# Introduction



## UsedCoffins (Jan 7, 2013)

Hi folks. I've been reading here a bit for the past couple of years when google would lead me to info on projects. If you've driven around Northern Virginia or DC and seen an F-150 with used coffins during the past 3 Octobers, that was me. As you can imagine, designing props safe and legal for the road comes with special considerations. This year I added Bucky to the tailgate casually dangling his feet off the back.

So as the new guy, I'm not sure if I'm uploading a pic correctly, but this should be a shot from this year's fun. Hope it works.

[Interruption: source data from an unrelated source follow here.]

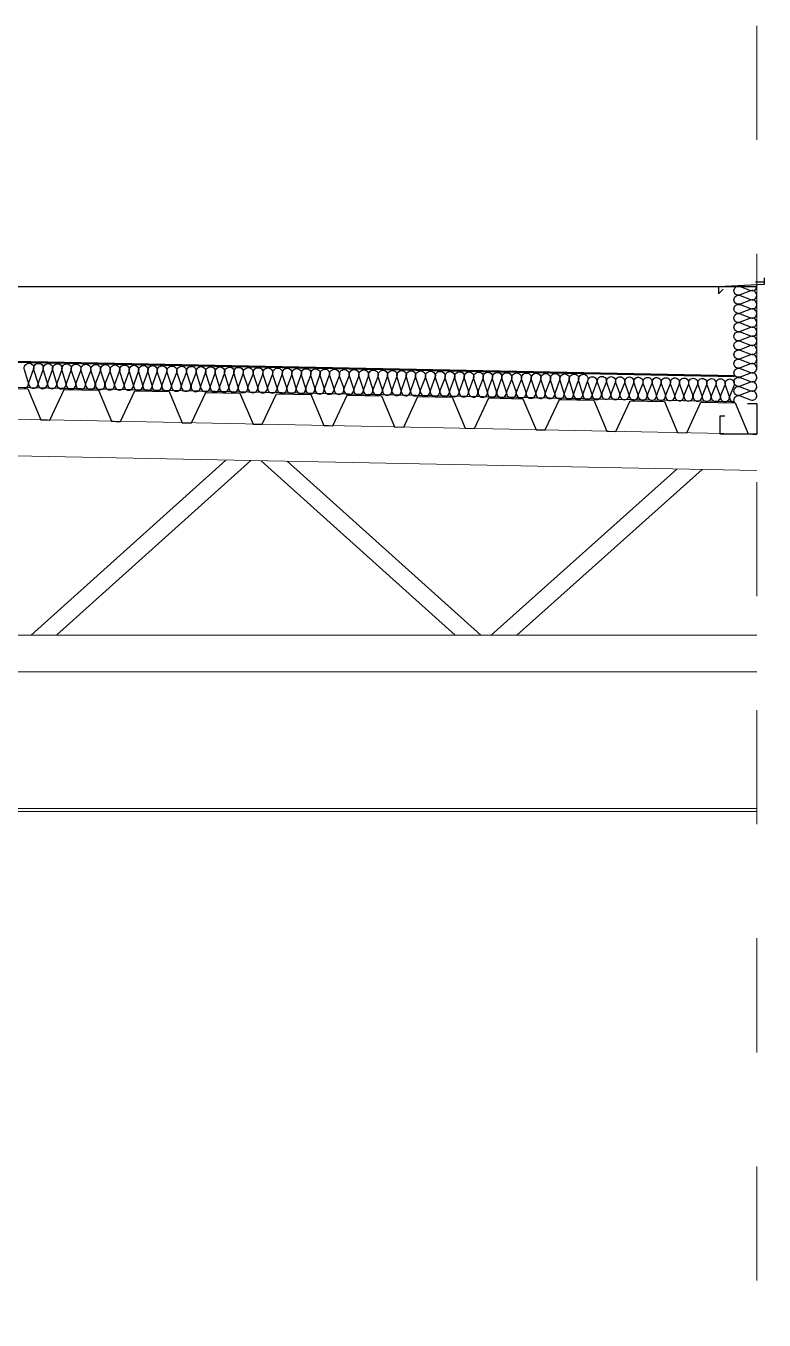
# Model space of a CAD drawing. Extents: x 6529560 to 6558080, y 5579316 to 5588131.
# Drawn here: x 6544068.55 to 6544071.78, y 5579595.87 to 5579601.55 of the extents above; entities that cross this region are included whole.
import ezdxf

# ---------------------------------------------------------------- set-up
doc = ezdxf.new("R2010")
doc.units = 0
doc.header["$MEASUREMENT"] = 0
doc.linetypes.add('0.5_0.5', pattern=[1, 0.5, -0.5])
doc.linetypes.add('GR_SOLID', pattern=[0])
for name, color, linetype, lineweight in [('arch_linie widokowe', 4, 'CONTINUOUS', 13), ('FACHW_TRG_N8', 7, 'GR_SOLID', 18), ('SYMBOL_N0', 7, 'GR_SOLID', 18)]:
    doc.layers.add(name, color=color, linetype=linetype, lineweight=lineweight)
for name, color, linetype in [('Blech-verz_Schnitt', 2, 'CONTINUOUS'), ('Dachblech_Schnitt', 40, 'CONTINUOUS'), ('Dämmung_Schnitt', 1, 'CONTINUOUS'), ('Stahl_Schnitt', 4, 'CONTINUOUS'), ('Wandbl-Schnitt', 7, 'CONTINUOUS')]:
    doc.layers.add(name, color=color, linetype=linetype)

msp = doc.modelspace()

# ---------------------------------------------------------------- linework, layer by layer
at = {"layer": 'arch_linie widokowe'}
for points in [[(6544060.448, 5579598.117), (6544071.748, 5579598.117)], [(6544060.448, 5579598.1045), (6544071.748, 5579598.1045)]]:
    msp.add_lwpolyline(points, dxfattribs=at)
at = {"layer": 'Blech-verz_Schnitt'}
msp.add_lwpolyline([(6544071.708, 5579599.8935), (6544071.748, 5579599.8935), (6544071.748, 5579599.7585), (6544071.588, 5579599.7585), (6544071.588, 5579599.8385), (6544071.608, 5579599.8385)], dxfattribs=at)
at = {"layer": 'Dachblech_Schnitt'}
for points in [[(6544068.0115, 5579599.8332), (6544068.0315, 5579599.8328), (6544068.0942, 5579599.9666), (6544068.2442, 5579599.9636), (6544068.3014, 5579599.8274), (6544068.3414, 5579599.8266), (6544068.4041, 5579599.9604), (6544068.5541, 5579599.9574), (6544068.6114, 5579599.8212), (6544068.6514, 5579599.8204), (6544068.7141, 5579599.9542), (6544068.864, 5579599.9512), (6544068.9213, 5579599.815), (6544068.9413, 5579599.8146)], [(6544068.9413, 5579599.8146), (6544068.9613, 5579599.8142), (6544069.024, 5579599.948), (6544069.174, 5579599.945), (6544069.2313, 5579599.8088), (6544069.2712, 5579599.808), (6544069.3339, 5579599.9418), (6544069.4839, 5579599.9388), (6544069.5412, 5579599.8026), (6544069.5812, 5579599.8018), (6544069.6439, 5579599.9356), (6544069.7938, 5579599.9326), (6544069.8511, 5579599.7964), (6544069.8711, 5579599.796)], [(6544069.8711, 5579599.796), (6544069.8911, 5579599.7956), (6544069.9538, 5579599.9294), (6544070.1038, 5579599.9264), (6544070.1611, 5579599.7902), (6544070.2011, 5579599.7894), (6544070.2637, 5579599.9232), (6544070.4137, 5579599.9202), (6544070.471, 5579599.784), (6544070.511, 5579599.7832), (6544070.5737, 5579599.917), (6544070.7237, 5579599.914), (6544070.7809, 5579599.7778), (6544070.8009, 5579599.7774)], [(6544070.8009, 5579599.7774), (6544070.8209, 5579599.777), (6544070.8836, 5579599.9108), (6544071.0336, 5579599.9078), (6544071.0909, 5579599.7716), (6544071.1309, 5579599.7708), (6544071.1936, 5579599.9046), (6544071.3435, 5579599.9016), (6544071.4008, 5579599.7654), (6544071.4408, 5579599.7646), (6544071.5035, 5579599.8984), (6544071.6535, 5579599.8954), (6544071.7108, 5579599.7592), (6544071.7308, 5579599.7588)], [(6544071.7308, 5579599.7588), (6544071.748, 5579599.7585)]]:
    msp.add_lwpolyline(points, dxfattribs=at)
at = {"layer": 'Dämmung_Schnitt'}
for p, q in [((6544071.6506, 5579600.0098), (6544060.4502, 5579600.232)), ((6544071.6507, 5579600.0148), (6544060.4503, 5579600.237)), ((6544071.6507, 5579600.0148), (6544060.4503, 5579600.237)), ((6544071.6484, 5579599.8999), (6544060.448, 5579600.122)), ((6544071.6484, 5579599.8999), (6544060.448, 5579600.122)), ((6544071.748, 5579600.0185), (6544071.748, 5579600.0185)), ((6544071.748, 5579600.0185), (6544071.748, 5579600.0185)), ((6544071.748, 5579600.0135), (6544071.748, 5579600.0135)), ((6544071.748, 5579599.9035), (6544071.748, 5579599.9035))]:
    msp.add_line(p, q, dxfattribs=at)
for points in [[(6544071.6519, 5579599.8954, -0.16521), (6544071.648, 5579599.9076, -0.511813), (6544071.6748, 5579599.9264), (6544071.7211, 5579599.9088, 0.529384), (6544071.748, 5579599.9276), (6544071.748, 5579599.928, 0.526983), (6544071.7211, 5579599.9464), (6544071.6748, 5579599.9288, -0.529384), (6544071.648, 5579599.9476, -0.511813), (6544071.6748, 5579599.9664), (6544071.7211, 5579599.9488, 0.529384), (6544071.748, 5579599.9676), (6544071.748, 5579599.968, 0.526983), (6544071.7211, 5579599.9864), (6544071.6748, 5579599.9688, -0.529384), (6544071.648, 5579599.9876, -0.511813), (6544071.6748, 5579600.0064), (6544071.7211, 5579599.9888, 0.529384), (6544071.748, 5579600.0076), (6544071.748, 5579600.008, 0.526983), (6544071.7211, 5579600.0264), (6544071.6748, 5579600.0088, -0.529384), (6544071.648, 5579600.0276, -0.511813), (6544071.6748, 5579600.0464), (6544071.7211, 5579600.0288, 0.529384), (6544071.748, 5579600.0476), (6544071.748, 5579600.048, 0.526983), (6544071.7211, 5579600.0664), (6544071.6748, 5579600.0488, -0.529384), (6544071.648, 5579600.0676, -0.511813), (6544071.6748, 5579600.0864), (6544071.7211, 5579600.0688, 0.529384), (6544071.748, 5579600.0876), (6544071.748, 5579600.088, 0.526983), (6544071.7211, 5579600.1064), (6544071.6748, 5579600.0888, -0.529384), (6544071.648, 5579600.1076, -0.511813), (6544071.6748, 5579600.1264), (6544071.7211, 5579600.1088, 0.529384), (6544071.748, 5579600.1276), (6544071.748, 5579600.128, 0.526983), (6544071.7211, 5579600.1464), (6544071.6748, 5579600.1288, -0.529384), (6544071.648, 5579600.1476, -0.511813), (6544071.6748, 5579600.1664), (6544071.7211, 5579600.1488, 0.529384), (6544071.748, 5579600.1676), (6544071.748, 5579600.168, 0.526983), (6544071.7211, 5579600.1864), (6544071.6748, 5579600.1688, -0.529384), (6544071.648, 5579600.1876, -0.511813), (6544071.6748, 5579600.2064), (6544071.7211, 5579600.1888, 0.529384), (6544071.748, 5579600.2076), (6544071.748, 5579600.208, 0.526983), (6544071.7211, 5579600.2264), (6544071.6748, 5579600.2088, -0.529384), (6544071.648, 5579600.2276, -0.511813), (6544071.6748, 5579600.2464), (6544071.7211, 5579600.2288, 0.529384), (6544071.748, 5579600.2476), (6544071.748, 5579600.248, 0.526983), (6544071.7211, 5579600.2664), (6544071.6748, 5579600.2488, -0.529384), (6544071.648, 5579600.2676, -0.511813), (6544071.6748, 5579600.2864), (6544071.7211, 5579600.2688, 0.529384), (6544071.748, 5579600.2876), (6544071.748, 5579600.288, 0.526983), (6544071.7211, 5579600.3064), (6544071.6748, 5579600.2888, -0.529384), (6544071.648, 5579600.3076, -0.511813), (6544071.6748, 5579600.3264), (6544071.7211, 5579600.3088, 0.529384), (6544071.748, 5579600.3276), (6544071.748, 5579600.328, 0.526983), (6544071.7211, 5579600.3464), (6544071.6748, 5579600.3288, -0.529384), (6544071.648, 5579600.3476, -0.511813), (6544071.6748, 5579600.3664), (6544071.7211, 5579600.3488, 0.529384), (6544071.748, 5579600.3676), (6544071.748, 5579600.368, 0.526983), (6544071.7211, 5579600.3864), (6544071.6748, 5579600.3688, -0.529384), (6544071.648, 5579600.3876, -0.511813), (6544071.6748, 5579600.4064), (6544071.7211, 5579600.3888, 0.529384), (6544071.748, 5579600.4076), (6544071.748, 5579600.408)], [(6544068.537, 5579599.9602, 0.527039), (6544068.5568, 5579599.9879), (6544068.5394, 5579600.041, -0.500474), (6544068.5597, 5579600.0698, -0.564332), (6544068.5787, 5579600.0402), (6544068.5593, 5579599.9878, 0.511701), (6544068.5784, 5579599.9594), (6544068.5788, 5579599.9594, 0.527039), (6544068.5984, 5579599.9868), (6544068.5812, 5579600.0402, -0.495889), (6544068.6013, 5579600.0689, -0.573133), (6544068.6202, 5579600.0395), (6544068.6009, 5579599.9867, 0.508948), (6544068.6198, 5579599.9585), (6544068.6202, 5579599.9585, 0.527039), (6544068.6397, 5579599.9857), (6544068.6227, 5579600.0395, -0.491367), (6544068.6426, 5579600.0681, -0.581951), (6544068.6613, 5579600.0387), (6544068.6421, 5579599.9857, 0.506246), (6544068.6609, 5579599.9577), (6544068.6613, 5579599.9577, 0.527039), (6544068.6806, 5579599.9847), (6544068.6637, 5579600.0387, -0.486905), (6544068.6835, 5579600.0673, -0.590786), (6544068.702, 5579600.0379), (6544068.683, 5579599.9846, 0.503594), (6544068.7016, 5579599.9569), (6544068.7021, 5579599.9569, 0.527039), (6544068.7212, 5579599.9836), (6544068.7045, 5579600.038, -0.482503), (6544068.724, 5579600.0665, -0.59964), (6544068.7424, 5579600.0372), (6544068.7236, 5579599.9836, 0.500991), (6544068.742, 5579599.9561), (6544068.7424, 5579599.9561)], [(6544068.7424, 5579599.9561, 0.000119), (6544068.7425, 5579599.9561), (6544068.7429, 5579599.9561, 0.527039), (6544068.7634, 5579599.9847), (6544068.7454, 5579600.0367, -0.519469), (6544068.7663, 5579600.0656, -0.529272), (6544068.786, 5579600.0358), (6544068.766, 5579599.9847, 0.523259), (6544068.7857, 5579599.9552), (6544068.7861, 5579599.9552, 0.527039), (6544068.8064, 5579599.9836), (6544068.7886, 5579600.0358, -0.514619), (6544068.8093, 5579600.0648, -0.538018), (6544068.8289, 5579600.035), (6544068.809, 5579599.9835, 0.520286), (6544068.8286, 5579599.9544), (6544068.829, 5579599.9544, 0.527039), (6544068.8491, 5579599.9825), (6544068.8315, 5579600.0351, -0.509837), (6544068.8521, 5579600.0639, -0.546775), (6544068.8714, 5579600.0343), (6544068.8517, 5579599.9824, 0.517369), (6544068.8711, 5579599.9535), (6544068.8715, 5579599.9535, 0.527039), (6544068.8915, 5579599.9814), (6544068.874, 5579600.0343, -0.505123), (6544068.8944, 5579600.0631, -0.555547), (6544068.9136, 5579600.0335), (6544068.894, 5579599.9814, 0.514508), (6544068.9133, 5579599.9527), (6544068.9137, 5579599.9527, 0.527039), (6544068.9335, 5579599.9803), (6544068.9161, 5579600.0335, -0.500474), (6544068.9364, 5579600.0622, -0.564332), (6544068.9554, 5579600.0327), (6544068.936, 5579599.9803, 0.511701), (6544068.9551, 5579599.9518), (6544068.9555, 5579599.9518, 0.527039), (6544068.9751, 5579599.9793), (6544068.9579, 5579600.0327, -0.495889), (6544068.978, 5579600.0614, -0.573133), (6544068.9969, 5579600.0319), (6544068.9776, 5579599.9792, 0.508948), (6544068.9965, 5579599.951), (6544068.9969, 5579599.951, 0.527039), (6544069.0164, 5579599.9782), (6544068.9994, 5579600.0319, -0.491367), (6544069.0193, 5579600.0606, -0.581951), (6544069.038, 5579600.0312), (6544069.0189, 5579599.9781, 0.506246), (6544069.0376, 5579599.9502), (6544069.038, 5579599.9502, 0.527039), (6544069.0573, 5579599.9771), (6544069.0405, 5579600.0312, -0.486905), (6544069.0602, 5579600.0598, -0.590786), (6544069.0787, 5579600.0304), (6544069.0598, 5579599.9771, 0.503594), (6544069.0784, 5579599.9494), (6544069.0788, 5579599.9494, 0.527039), (6544069.0979, 5579599.9761), (6544069.0812, 5579600.0304, -0.482503), (6544069.1008, 5579600.0589, -0.59964), (6544069.1192, 5579600.0297), (6544069.1003, 5579599.9761, 0.500991), (6544069.1188, 5579599.9486), (6544069.1192, 5579599.9486)], [(6544069.1192, 5579599.9486, 0.000119), (6544069.1192, 5579599.9486), (6544069.1196, 5579599.9485, 0.527039), (6544069.1401, 5579599.9772), (6544069.1221, 5579600.0291, -0.519469), (6544069.143, 5579600.0581, -0.529272), (6544069.1627, 5579600.0283), (6544069.1427, 5579599.9771, 0.523259), (6544069.1624, 5579599.9477), (6544069.1629, 5579599.9477, 0.527039), (6544069.1831, 5579599.9761), (6544069.1653, 5579600.0283, -0.514619), (6544069.1861, 5579600.0572, -0.538018), (6544069.2056, 5579600.0275), (6544069.1857, 5579599.976, 0.520286), (6544069.2053, 5579599.9468), (6544069.2057, 5579599.9468, 0.527039), (6544069.2259, 5579599.975), (6544069.2082, 5579600.0275, -0.509837), (6544069.2288, 5579600.0564, -0.546775), (6544069.2482, 5579600.0267), (6544069.2284, 5579599.9749, 0.517369), (6544069.2478, 5579599.946), (6544069.2482, 5579599.946, 0.527039), (6544069.2682, 5579599.9739), (6544069.2507, 5579600.0267, -0.505123), (6544069.2711, 5579600.0555, -0.555547), (6544069.2903, 5579600.0259), (6544069.2707, 5579599.9738, 0.514508), (6544069.29, 5579599.9451), (6544069.2904, 5579599.9451, 0.527039), (6544069.3102, 5579599.9728), (6544069.2929, 5579600.0259, -0.500474), (6544069.3131, 5579600.0547, -0.564332), (6544069.3321, 5579600.0252), (6544069.3127, 5579599.9727, 0.511701), (6544069.3318, 5579599.9443), (6544069.3322, 5579599.9443, 0.527039), (6544069.3518, 5579599.9717), (6544069.3346, 5579600.0252, -0.495889), (6544069.3547, 5579600.0539, -0.573133), (6544069.3736, 5579600.0244), (6544069.3543, 5579599.9717, 0.508948), (6544069.3732, 5579599.9435), (6544069.3736, 5579599.9435, 0.527039), (6544069.3931, 5579599.9707), (6544069.3761, 5579600.0244, -0.491367), (6544069.396, 5579600.053, -0.581951), (6544069.4147, 5579600.0236), (6544069.3956, 5579599.9706, 0.506246), (6544069.4143, 5579599.9427), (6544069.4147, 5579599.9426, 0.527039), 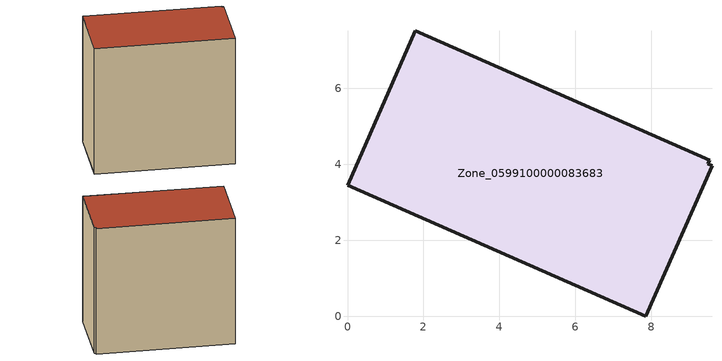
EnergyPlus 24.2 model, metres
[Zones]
Zone_0599100000083683
 floor ground (C_G): 0,3.45 1.79,7.52 9.54,4.11 9.49,4.01 9.6,3.96 7.86,0 z0
 wall outside (C_F): 1.79,7.52 0,3.45 7.86,0 9.6,3.96 9.49,4.01 9.54,4.11 1.79,7.52 z0:8.42
 roof outside (C_R): 7.86,0 9.6,3.96 9.49,4.01 9.54,4.11 1.79,7.52 0,3.45 z8.42
[BUILDING]
Pand.0599100000083683: North Axis=0; Terrain=City; Loads Convergence Tolerance Value=0.04; Temperature Convergence Tolerance Value=0.4; Solar Distribution=FullExterior; Maximum Number of Warmup Days=25; Minimum Number of Warmup Days=1
[Site:Location]
Rotterdam.The.Hague.AP_ZH_NLD Design_Conditions: Latitude=51.96; Longitude=4.45; Time Zone=1; Elevation=-4.5
[SITE:GROUNDTEMPERATURE:BUILDINGSURFACE]
18, 18, 18, 18, 18, 18, 18, 18, 18, 18, 18, 18
[MATERIAL] Thermal Absorptance=0.9; Solar Absorptance=0.7; Visible Absorptance=0.7
Name | Roughness | Thickness | Conductivity | Density | Specific Heat
G.TI.1946-1964 | MediumSmooth | 0.15 | 1 | 540 | 1210
F.TI.1946-1964 | Rough | 0.3 | 0.857143 | 1920 | 840
R.TI.1946-1964 | MediumRough | 0.2 | 0.277778 | 1500 | 1000
[CONSTRUCTION]
C_G: G.TI.1946-1964
C_F: F.TI.1946-1964
C_R: R.TI.1946-1964
[ZONE]
Zone_0599100000083683: Type=1; Multiplier=1; Ceiling Height=Autocalculate; Volume=Autocalculate; Floor Area=autocalculate; Part of Total Floor Area=Yes
[ZONEINFILTRATION:DESIGNFLOWRATE]
Infil_Zone_0599100000083683: Zone or ZoneList or Space or SpaceList=Zone_0599100000083683; Schedule=AlwaysOn; Design Flow Rate Calculation Method=Flow/Area; Flow Rate per Floor Area=0.003; Constant Term Coefficient=1; Temperature Term Coefficient=0; Velocity Term Coefficient=0; Velocity Squared Term Coefficient=0
[HVACTEMPLATE:ZONE:IDEALLOADSAIRSYSTEM]
Zone_0599100000083683: Maximum Heating Supply Air Temperature=50; Minimum Cooling Supply Air Temperature=13; Maximum Heating Supply Air Humidity Ratio=0.0156; Minimum Cooling Supply Air Humidity Ratio=0.0077; Heating Limit=NoLimit; Cooling Limit=NoLimit; Dehumidification Control Type=ConstantSensibleHeatRatio; Cooling Sensible Heat Ratio=0.7; Dehumidification Setpoint=60; Humidification Control Type=None; Humidification Setpoint=30; Outdoor Air Method=None; Outdoor Air Flow Rate per Person=0.00944; Outdoor Air Flow Rate per Zone Floor Area=0; Outdoor Air Flow Rate per Zone=0; Demand Controlled Ventilation Type=None; Outdoor Air Economizer Type=NoEconomizer; Heat Recovery Type=None; Sensible Heat Recovery Effectiveness=0.7; Latent Heat Recovery Effectiveness=0.65
[ZONECONTROL:THERMOSTAT]
ThermostatControl_Zone_0599100000083683: Zone or ZoneList=Zone_0599100000083683; Control Type Schedule=DualSetpointControlType; Control 1=Thermostat_Zone_0599100000083683; Temperature Difference Between Cutout And Setpoint=0
[THERMOSTATSETPOINT:DUALSETPOINT]
Thermostat_Zone_0599100000083683: Heating Setpoint Temperature Schedule=HeatingSetpoint_Zone_0599100000083683; Cooling Setpoint Temperature Schedule=CoolingSetpoint_Zone_0599100000083683
[SCHEDULE:COMPACT]
HeatingSetpoint_Zone_0599100000083683: Through: 12/31, For: AllDays, Until: 24:00, 21
CoolingSetpoint_Zone_0599100000083683: Through: 12/31, For: AllDays, Until: 24:00, 24
DualSetpointControlType: Through: 12/31, For: AllDays, Until: 24:00, 4
AlwaysOn: Through: 12/31, For: AllDays, Until: 24:00, 1

Anyway, I'm logging in now so I can participate in discussions to add improvements.


----------



## UsedCoffins (Jan 7, 2013)

Yep, pic didn't take. Any help?


----------



## Copchick (Apr 10, 2012)

Welcome! 

I sent you a PM to help with your pics. Looking forward to seeing them.


----------



## Hauntiholik (May 17, 2006)

Welcome to the forum


----------



## Spooky1 (Aug 25, 2008)

Welcome to the forum


----------



## Troll Wizard (May 3, 2012)

Hi there UsedCoffins! Welcome to the forum, I think you will really like it here! There seems to be a lot of people who like dead and creepy things on this site. Makes for a good haunting you know! Feel free to ask questions about anything Halloween, there is always someone who will have an answer for you if you ever get stuck on something!


----------



## Pumpkin5 (Aug 8, 2010)

:jol:Welcome to the forum UC! I cannot wait to see your pictures. I just LOVE pictures!


----------



## CreeepyCathy (Mar 28, 2009)

hey & welcome.


----------



## MapThePlanet (Nov 12, 2010)

Welcome Aboard!


----------



## scareme (Aug 29, 2006)

Hi and welcome to the forum. Pictures! Pictures! Pictures!


----------



## Headless (Sep 4, 2011)

Welcome to the forum!


----------



## Vlad (Aug 2, 2005)

Welcome aboard


----------



## UsedCoffins (Jan 7, 2013)

Thanks everyone for the welcome, and thanks to ChopChick for the info on posting pics. However, it looks like the inability to add pics is a newbie restriction that I have to live with for a little while until I have enough posts.


----------



## UsedCoffins (Jan 7, 2013)

Oops. It was "CopChick." Not "ChopChick." Bad newbie forum etiquette. Sorry.


----------



## Evil Queen (Mar 8, 2008)




----------



## the bloody chef (Dec 14, 2012)

Welcome! I wonder if "Mobile Haunting" will be the next BIG THING for Halloween! Sounds like at least a future TV special!!!:xbones:


----------



## SPOOKY J (Nov 20, 2009)

Hello and Welcome!


----------



## Hairazor (Mar 13, 2012)




----------



## The Halloween Lady (Aug 18, 2010)




----------



## UsedCoffins (Jan 7, 2013)

the bloody chef said:


> Welcome! I wonder if "Mobile Haunting" will be the next BIG THING for Halloween! Sounds like at least a future TV special!!!:xbones:


Mobile Haunting is definitely a blast. I commute about half my time into DC, and you should see the responses from people in rush hour traffic. I've even caught people on the metro train running parallel to I-66 taking my picture on the way home. That's also where "Used Coffins" comes from, the signs on the sides of my truck.


----------



## stick (Jan 21, 2009)

Hello and welcome from just down the road a ways.


----------



## UsedCoffins (Jan 7, 2013)

Hey Stick. I've visited the Poe Museum down in Richmond. How's that look around Halloween?


----------



## Frighteners Entertainment (Jan 24, 2006)

welcome


----------



## UsedCoffins (Jan 7, 2013)

*Pictures!*

Okay, so now that I've got a few posts behind me and some of the newbie shine fades away, I am allowed to post pictures. This opens up all kinds of opportunities for new mistakes, but here goes. This is the picture I was trying to add last week in my first post. There are a few others in my spiffy new album. That also makes this post a practice run for posting pictures, so please excuse if something goes wrong. Hope you enjoy.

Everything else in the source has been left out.